EXERCISE MATERIALS:
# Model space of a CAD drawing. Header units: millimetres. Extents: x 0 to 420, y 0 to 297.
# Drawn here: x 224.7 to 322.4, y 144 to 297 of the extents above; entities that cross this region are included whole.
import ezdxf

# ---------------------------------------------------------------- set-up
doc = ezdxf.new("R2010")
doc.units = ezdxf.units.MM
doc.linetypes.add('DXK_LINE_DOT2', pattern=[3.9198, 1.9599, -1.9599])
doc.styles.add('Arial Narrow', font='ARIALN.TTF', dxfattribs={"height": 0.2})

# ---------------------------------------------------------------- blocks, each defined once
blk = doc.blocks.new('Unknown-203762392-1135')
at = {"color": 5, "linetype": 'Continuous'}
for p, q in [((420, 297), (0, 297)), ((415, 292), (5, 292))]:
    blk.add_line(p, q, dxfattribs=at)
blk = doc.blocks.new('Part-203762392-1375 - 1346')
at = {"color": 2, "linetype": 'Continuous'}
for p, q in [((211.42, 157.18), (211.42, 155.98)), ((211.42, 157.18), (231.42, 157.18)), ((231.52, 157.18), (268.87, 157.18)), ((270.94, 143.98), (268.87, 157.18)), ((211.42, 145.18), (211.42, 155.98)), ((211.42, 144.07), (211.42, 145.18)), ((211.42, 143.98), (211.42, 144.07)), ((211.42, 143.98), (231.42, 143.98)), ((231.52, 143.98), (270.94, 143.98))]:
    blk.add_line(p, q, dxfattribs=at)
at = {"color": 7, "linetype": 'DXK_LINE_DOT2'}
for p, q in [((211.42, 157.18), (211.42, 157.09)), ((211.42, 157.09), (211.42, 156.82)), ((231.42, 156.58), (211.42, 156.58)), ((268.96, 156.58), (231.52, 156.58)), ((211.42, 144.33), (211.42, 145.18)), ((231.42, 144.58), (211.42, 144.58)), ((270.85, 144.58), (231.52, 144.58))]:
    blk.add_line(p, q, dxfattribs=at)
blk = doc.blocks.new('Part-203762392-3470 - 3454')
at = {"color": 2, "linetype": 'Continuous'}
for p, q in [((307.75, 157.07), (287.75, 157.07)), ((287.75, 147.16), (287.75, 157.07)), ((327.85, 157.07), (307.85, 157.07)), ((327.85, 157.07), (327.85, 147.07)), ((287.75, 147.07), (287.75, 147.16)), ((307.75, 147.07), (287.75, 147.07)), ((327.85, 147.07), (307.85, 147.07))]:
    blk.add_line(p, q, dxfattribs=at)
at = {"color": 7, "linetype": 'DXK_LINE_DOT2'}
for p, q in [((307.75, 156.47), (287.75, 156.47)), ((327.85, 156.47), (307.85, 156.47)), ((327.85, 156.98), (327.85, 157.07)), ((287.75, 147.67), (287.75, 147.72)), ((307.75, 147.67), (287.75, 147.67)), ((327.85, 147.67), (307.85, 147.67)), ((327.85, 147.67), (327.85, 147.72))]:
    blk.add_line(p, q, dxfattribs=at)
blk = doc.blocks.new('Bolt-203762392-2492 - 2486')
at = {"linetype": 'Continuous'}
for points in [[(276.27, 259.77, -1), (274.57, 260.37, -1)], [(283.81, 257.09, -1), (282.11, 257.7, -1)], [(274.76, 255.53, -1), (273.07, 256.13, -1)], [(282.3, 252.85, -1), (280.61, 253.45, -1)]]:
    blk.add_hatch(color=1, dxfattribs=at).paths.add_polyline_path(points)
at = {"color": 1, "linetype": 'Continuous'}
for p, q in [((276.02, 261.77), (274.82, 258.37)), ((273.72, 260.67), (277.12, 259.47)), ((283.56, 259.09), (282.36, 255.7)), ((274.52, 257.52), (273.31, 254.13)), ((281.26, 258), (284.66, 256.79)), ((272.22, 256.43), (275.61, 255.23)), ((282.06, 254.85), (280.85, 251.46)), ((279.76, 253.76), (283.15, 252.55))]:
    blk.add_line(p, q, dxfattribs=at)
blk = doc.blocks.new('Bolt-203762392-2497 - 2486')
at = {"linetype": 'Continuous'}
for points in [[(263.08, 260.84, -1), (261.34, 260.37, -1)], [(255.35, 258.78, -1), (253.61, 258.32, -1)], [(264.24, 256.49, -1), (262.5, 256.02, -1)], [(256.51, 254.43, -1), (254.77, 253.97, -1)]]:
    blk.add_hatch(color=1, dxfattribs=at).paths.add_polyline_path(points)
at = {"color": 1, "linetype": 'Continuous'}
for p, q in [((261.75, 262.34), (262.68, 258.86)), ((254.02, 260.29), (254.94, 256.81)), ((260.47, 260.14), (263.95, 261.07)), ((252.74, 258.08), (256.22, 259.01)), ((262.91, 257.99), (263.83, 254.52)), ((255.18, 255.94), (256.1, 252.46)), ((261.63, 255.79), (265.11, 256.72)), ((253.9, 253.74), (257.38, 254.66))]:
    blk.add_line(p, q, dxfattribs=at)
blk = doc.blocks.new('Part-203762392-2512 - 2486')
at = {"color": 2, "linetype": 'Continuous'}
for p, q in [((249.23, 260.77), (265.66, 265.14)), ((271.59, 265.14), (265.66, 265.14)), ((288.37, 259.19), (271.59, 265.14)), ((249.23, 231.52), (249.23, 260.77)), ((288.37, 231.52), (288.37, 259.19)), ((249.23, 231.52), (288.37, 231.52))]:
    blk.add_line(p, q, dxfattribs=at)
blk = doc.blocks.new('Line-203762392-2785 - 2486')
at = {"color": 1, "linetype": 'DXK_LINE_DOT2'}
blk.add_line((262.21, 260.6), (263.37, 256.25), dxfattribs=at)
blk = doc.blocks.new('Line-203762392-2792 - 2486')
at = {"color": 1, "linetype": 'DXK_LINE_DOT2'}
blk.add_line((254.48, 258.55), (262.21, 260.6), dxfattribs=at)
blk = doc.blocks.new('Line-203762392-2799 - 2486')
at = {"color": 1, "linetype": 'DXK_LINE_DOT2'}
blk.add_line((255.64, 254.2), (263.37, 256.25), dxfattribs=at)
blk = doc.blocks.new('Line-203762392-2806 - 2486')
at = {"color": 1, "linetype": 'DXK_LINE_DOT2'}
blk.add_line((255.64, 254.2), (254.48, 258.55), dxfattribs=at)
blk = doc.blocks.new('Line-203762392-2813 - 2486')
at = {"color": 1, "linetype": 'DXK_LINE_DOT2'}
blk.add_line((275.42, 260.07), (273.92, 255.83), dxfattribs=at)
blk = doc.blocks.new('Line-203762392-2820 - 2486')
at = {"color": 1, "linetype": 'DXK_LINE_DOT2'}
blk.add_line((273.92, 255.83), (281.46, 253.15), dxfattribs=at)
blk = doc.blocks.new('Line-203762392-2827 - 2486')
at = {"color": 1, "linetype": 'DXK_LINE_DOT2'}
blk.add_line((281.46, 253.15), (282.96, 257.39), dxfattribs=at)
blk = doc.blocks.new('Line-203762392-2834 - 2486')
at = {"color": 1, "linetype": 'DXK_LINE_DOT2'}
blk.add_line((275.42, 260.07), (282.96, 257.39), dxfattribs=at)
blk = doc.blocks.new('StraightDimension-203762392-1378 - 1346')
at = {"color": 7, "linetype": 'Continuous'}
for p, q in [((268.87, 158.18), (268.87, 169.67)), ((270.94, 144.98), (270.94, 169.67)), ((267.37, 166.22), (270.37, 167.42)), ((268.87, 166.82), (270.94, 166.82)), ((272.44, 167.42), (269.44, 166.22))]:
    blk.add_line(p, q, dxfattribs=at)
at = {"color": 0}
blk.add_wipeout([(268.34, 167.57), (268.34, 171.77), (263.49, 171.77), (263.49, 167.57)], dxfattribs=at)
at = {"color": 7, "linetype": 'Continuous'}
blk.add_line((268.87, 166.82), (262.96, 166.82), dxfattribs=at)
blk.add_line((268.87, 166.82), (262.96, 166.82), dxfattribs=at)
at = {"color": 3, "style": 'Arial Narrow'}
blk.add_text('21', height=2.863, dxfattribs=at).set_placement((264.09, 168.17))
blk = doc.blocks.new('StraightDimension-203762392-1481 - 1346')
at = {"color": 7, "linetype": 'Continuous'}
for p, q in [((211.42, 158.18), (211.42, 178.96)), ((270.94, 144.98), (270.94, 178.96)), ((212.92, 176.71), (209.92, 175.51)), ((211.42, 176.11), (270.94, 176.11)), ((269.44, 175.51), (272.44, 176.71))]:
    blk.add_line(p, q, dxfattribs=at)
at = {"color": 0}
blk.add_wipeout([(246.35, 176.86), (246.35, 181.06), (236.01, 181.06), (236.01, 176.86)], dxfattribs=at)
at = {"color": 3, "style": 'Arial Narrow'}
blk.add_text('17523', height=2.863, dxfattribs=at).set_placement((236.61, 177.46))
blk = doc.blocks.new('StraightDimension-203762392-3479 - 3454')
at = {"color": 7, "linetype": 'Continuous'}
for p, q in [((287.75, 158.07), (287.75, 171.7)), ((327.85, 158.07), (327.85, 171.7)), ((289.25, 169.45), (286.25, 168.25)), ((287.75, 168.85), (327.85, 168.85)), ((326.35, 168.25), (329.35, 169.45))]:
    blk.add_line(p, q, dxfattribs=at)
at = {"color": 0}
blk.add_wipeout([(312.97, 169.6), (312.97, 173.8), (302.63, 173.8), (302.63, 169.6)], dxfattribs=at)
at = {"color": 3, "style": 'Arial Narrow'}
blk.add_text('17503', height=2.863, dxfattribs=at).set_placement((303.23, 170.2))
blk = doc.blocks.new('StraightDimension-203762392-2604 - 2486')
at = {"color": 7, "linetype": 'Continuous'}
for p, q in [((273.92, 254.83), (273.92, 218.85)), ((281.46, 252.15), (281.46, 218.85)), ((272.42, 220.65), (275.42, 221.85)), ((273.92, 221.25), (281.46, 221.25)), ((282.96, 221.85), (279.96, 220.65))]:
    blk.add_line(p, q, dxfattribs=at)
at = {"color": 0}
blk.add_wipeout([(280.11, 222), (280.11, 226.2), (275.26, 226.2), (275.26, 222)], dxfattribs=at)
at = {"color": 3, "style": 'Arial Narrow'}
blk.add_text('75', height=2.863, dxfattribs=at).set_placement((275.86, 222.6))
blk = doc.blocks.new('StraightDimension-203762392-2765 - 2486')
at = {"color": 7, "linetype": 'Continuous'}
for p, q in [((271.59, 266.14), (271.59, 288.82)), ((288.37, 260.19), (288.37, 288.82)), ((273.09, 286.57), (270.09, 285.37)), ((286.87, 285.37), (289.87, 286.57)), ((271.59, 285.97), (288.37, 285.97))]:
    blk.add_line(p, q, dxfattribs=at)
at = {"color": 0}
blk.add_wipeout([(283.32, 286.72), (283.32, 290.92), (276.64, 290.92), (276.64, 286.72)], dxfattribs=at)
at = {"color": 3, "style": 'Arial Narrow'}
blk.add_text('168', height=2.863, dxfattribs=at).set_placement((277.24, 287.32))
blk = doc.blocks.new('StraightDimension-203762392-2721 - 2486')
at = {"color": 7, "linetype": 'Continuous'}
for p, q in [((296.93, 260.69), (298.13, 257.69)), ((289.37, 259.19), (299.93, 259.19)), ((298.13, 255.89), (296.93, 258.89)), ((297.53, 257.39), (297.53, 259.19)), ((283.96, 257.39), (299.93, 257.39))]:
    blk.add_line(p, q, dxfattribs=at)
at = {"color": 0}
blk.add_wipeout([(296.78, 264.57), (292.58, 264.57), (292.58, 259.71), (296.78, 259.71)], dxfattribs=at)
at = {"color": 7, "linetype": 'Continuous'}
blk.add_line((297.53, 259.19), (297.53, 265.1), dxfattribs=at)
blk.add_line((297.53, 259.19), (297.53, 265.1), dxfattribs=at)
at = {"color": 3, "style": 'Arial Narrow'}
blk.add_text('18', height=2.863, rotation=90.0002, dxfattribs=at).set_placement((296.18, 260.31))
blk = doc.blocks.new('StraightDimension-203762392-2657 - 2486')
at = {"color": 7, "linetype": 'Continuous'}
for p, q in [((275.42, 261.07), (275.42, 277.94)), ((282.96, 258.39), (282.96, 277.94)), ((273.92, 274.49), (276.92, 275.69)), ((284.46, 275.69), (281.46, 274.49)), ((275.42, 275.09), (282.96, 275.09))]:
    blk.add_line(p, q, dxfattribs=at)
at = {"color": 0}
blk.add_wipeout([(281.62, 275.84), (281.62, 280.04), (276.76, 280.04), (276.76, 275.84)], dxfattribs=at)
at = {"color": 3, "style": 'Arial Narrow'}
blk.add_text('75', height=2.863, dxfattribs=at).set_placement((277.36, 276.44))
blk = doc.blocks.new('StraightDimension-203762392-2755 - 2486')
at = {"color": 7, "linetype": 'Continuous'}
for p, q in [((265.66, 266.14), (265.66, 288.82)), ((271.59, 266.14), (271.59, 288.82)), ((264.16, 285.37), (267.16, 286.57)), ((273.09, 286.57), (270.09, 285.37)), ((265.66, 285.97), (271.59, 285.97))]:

THE TASK:
Which lines of the data include "units"? Copy each of them.

SOLUTION TO THIS PROBLEM:
# Model space of a CAD drawing. Header units: millimetres. Extents: x 0 to 420, y 0 to 297.
doc.units = ezdxf.units.MM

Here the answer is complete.